§ What is required: Your reply must be the number of lines in the entries that hold the word "circle", and nothing else.
------------------------------
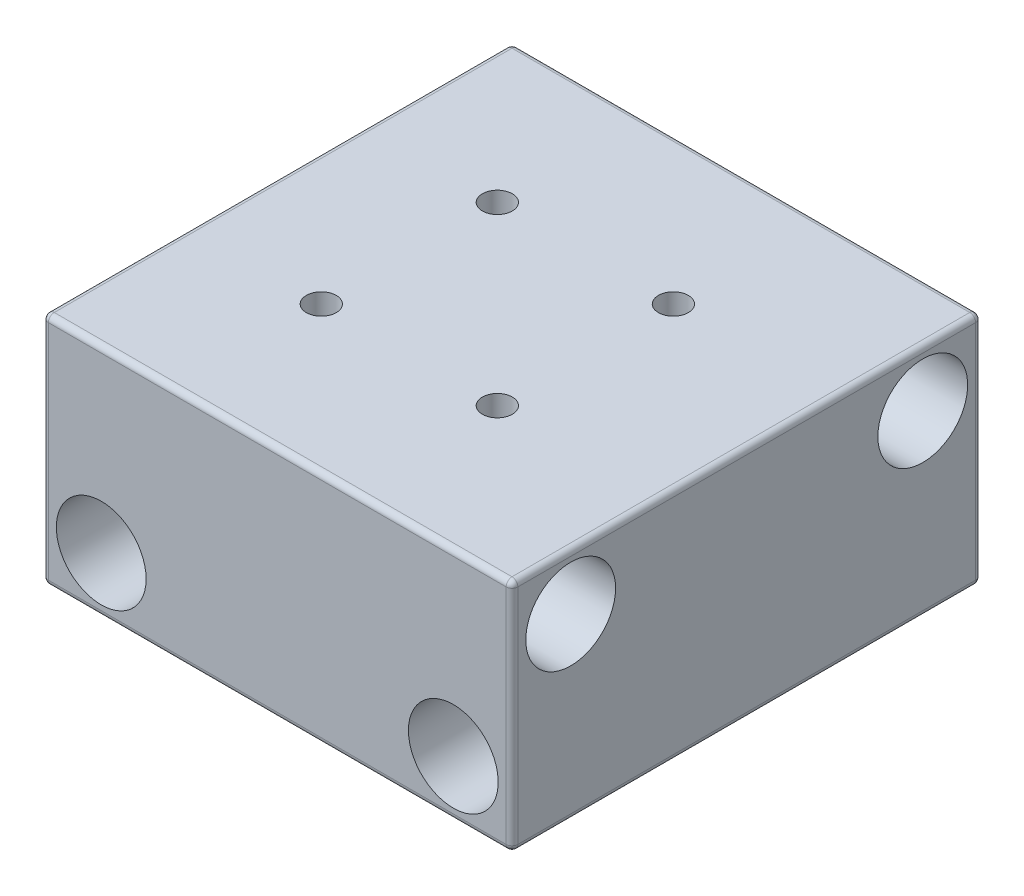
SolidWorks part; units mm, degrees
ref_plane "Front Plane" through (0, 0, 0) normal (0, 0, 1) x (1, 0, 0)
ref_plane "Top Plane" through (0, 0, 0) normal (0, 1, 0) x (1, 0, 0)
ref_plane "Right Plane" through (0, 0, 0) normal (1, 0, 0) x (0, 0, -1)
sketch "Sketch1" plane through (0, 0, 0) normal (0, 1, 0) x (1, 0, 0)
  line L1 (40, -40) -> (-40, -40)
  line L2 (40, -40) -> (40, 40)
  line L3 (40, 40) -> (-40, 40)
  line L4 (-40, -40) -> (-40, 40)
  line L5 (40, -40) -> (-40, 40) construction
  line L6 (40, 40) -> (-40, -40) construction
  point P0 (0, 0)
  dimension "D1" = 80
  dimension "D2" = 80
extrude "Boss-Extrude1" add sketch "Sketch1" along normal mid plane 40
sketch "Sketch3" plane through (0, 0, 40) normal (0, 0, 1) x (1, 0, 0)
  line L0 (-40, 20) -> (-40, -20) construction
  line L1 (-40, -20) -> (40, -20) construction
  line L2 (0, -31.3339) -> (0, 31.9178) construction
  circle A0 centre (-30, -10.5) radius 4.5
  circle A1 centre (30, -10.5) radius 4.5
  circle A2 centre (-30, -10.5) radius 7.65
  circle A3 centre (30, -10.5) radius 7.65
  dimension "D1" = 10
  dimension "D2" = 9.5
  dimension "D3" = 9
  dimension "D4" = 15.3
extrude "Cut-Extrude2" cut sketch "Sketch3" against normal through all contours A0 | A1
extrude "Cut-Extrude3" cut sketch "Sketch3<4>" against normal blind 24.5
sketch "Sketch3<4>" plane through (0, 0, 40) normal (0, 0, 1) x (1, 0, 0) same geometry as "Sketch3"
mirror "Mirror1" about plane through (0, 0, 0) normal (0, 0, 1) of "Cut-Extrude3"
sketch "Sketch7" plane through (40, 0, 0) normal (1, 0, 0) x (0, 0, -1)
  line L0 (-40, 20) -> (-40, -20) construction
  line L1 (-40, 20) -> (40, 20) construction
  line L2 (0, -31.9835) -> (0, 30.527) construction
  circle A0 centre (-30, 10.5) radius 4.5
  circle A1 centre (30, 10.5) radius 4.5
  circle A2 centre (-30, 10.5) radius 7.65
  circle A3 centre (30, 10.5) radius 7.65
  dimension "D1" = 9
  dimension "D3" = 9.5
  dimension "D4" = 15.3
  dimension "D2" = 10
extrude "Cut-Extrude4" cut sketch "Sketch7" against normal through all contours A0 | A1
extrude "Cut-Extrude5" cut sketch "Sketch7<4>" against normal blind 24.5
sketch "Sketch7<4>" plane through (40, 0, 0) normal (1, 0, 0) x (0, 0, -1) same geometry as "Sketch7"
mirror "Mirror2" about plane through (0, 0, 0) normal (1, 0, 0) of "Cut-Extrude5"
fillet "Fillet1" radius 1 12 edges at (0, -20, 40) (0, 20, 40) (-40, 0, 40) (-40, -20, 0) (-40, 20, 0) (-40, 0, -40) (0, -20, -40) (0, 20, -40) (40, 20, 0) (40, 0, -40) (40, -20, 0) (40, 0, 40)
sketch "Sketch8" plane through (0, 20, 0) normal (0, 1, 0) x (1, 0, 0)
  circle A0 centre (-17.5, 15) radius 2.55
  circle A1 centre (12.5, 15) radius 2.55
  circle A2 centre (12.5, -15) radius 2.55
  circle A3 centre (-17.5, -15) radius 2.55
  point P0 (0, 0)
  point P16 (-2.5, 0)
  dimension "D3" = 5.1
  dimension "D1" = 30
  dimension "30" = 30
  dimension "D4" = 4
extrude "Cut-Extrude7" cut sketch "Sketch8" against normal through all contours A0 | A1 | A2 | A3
------------------------------
§ Solution for this problem: 12